[Stored data entries]
══════

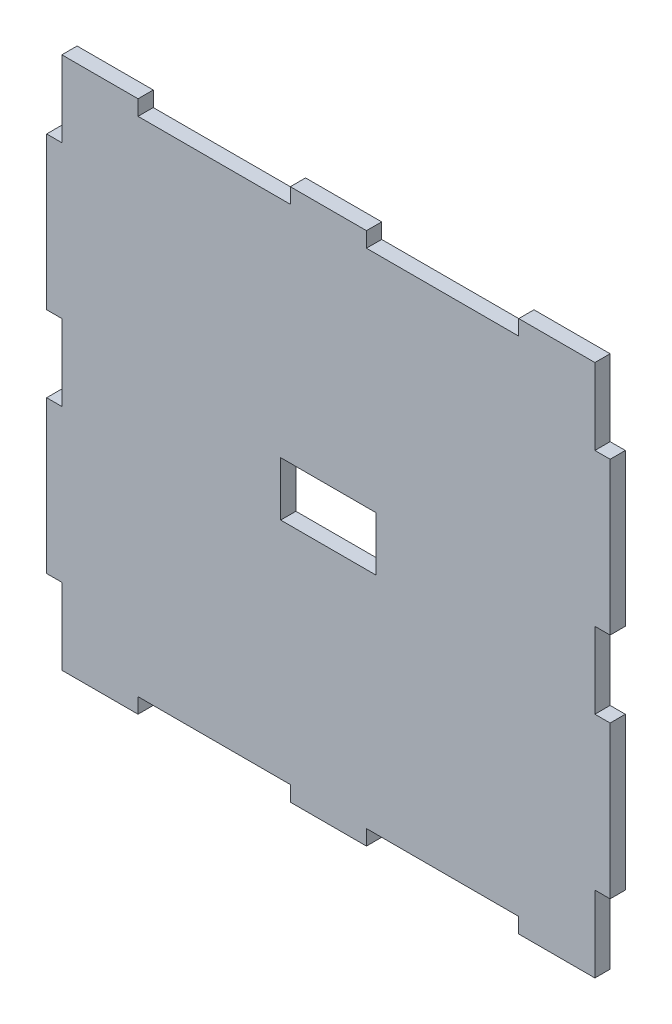
from build123d import *

# Parameters (mm, degrees)
SKETCH1_W           = 70
SKETCH1_H           = 70
BOSS_EXTRUDE1_DEPTH = 2
SKETCH2_W           = 2
SKETCH2_H           = 20
BOSS_EXTRUDE2_DEPTH = 2
SKETCH3_W           = 20
SKETCH3_H           = 2
CUT_EXTRUDE1_DEPTH  = 2
SKETCH4_W           = 12.53
SKETCH4_H           = 7.1
CUT_EXTRUDE2_DEPTH  = 10


with BuildPart() as part:
    # Sketch1 → Boss-Extrude1 (new body)
    with BuildSketch(Plane.XY):
        Rectangle(SKETCH1_W, SKETCH1_H)
    extrude(amount=-BOSS_EXTRUDE1_DEPTH)

    # Sketch2 → Boss-Extrude2 (add)
    with BuildSketch(Plane.XY):
        with Locations((-36, 15)):
            Rectangle(SKETCH2_W, SKETCH2_H)
        with Locations((-36, -15)):
            Rectangle(SKETCH2_W, SKETCH2_H)
        with Locations((36, -15)):
            Rectangle(SKETCH2_W, SKETCH2_H)
        with Locations((36, 15)):
            Rectangle(SKETCH2_W, SKETCH2_H)
    extrude(amount=-BOSS_EXTRUDE2_DEPTH)

    # Sketch3 → Cut-Extrude1 (cut)
    with BuildSketch(Plane.XY):
        with Locations((-15, 34)):
            Rectangle(SKETCH3_W, SKETCH3_H)
        with Locations((15, 34)):
            Rectangle(SKETCH3_W, SKETCH3_H)
        with Locations((-15, -34)):
            Rectangle(SKETCH3_W, SKETCH3_H)
        with Locations((15, -34)):
            Rectangle(SKETCH3_W, SKETCH3_H)
    extrude(amount=-CUT_EXTRUDE1_DEPTH, mode=Mode.SUBTRACT)

    # Sketch4 → Cut-Extrude2 (cut)
    with BuildSketch(Plane.XY):
        Rectangle(SKETCH4_W, SKETCH4_H)
    extrude(amount=-CUT_EXTRUDE2_DEPTH, mode=Mode.SUBTRACT)


solid = part.part

══════

- **What you need to do**
An exact reproduction of the data is needed, with no pictures included.

- **Written answer**
from build123d import *

# Parameters (mm, degrees)
SKETCH1_W           = 70
SKETCH1_H           = 70
BOSS_EXTRUDE1_DEPTH = 2
SKETCH2_W           = 2
SKETCH2_H           = 20
BOSS_EXTRUDE2_DEPTH = 2
SKETCH3_W           = 20
SKETCH3_H           = 2
CUT_EXTRUDE1_DEPTH  = 2
SKETCH4_W           = 12.53
SKETCH4_H           = 7.1
CUT_EXTRUDE2_DEPTH  = 10


with BuildPart() as part:
    # Sketch1 → Boss-Extrude1 (new body)
    with BuildSketch(Plane.XY):
        Rectangle(SKETCH1_W, SKETCH1_H)
    extrude(amount=-BOSS_EXTRUDE1_DEPTH)

    # Sketch2 → Boss-Extrude2 (add)
    with BuildSketch(Plane.XY):
        with Locations((-36, 15)):
            Rectangle(SKETCH2_W, SKETCH2_H)
        with Locations((-36, -15)):
            Rectangle(SKETCH2_W, SKETCH2_H)
        with Locations((36, -15)):
            Rectangle(SKETCH2_W, SKETCH2_H)
        with Locations((36, 15)):
            Rectangle(SKETCH2_W, SKETCH2_H)
    extrude(amount=-BOSS_EXTRUDE2_DEPTH)

    # Sketch3 → Cut-Extrude1 (cut)
    with BuildSketch(Plane.XY):
        with Locations((-15, 34)):
            Rectangle(SKETCH3_W, SKETCH3_H)
        with Locations((15, 34)):
            Rectangle(SKETCH3_W, SKETCH3_H)
        with Locations((-15, -34)):
            Rectangle(SKETCH3_W, SKETCH3_H)
        with Locations((15, -34)):
            Rectangle(SKETCH3_W, SKETCH3_H)
    extrude(amount=-CUT_EXTRUDE1_DEPTH, mode=Mode.SUBTRACT)

    # Sketch4 → Cut-Extrude2 (cut)
    with BuildSketch(Plane.XY):
        Rectangle(SKETCH4_W, SKETCH4_H)
    extrude(amount=-CUT_EXTRUDE2_DEPTH, mode=Mode.SUBTRACT)


solid = part.part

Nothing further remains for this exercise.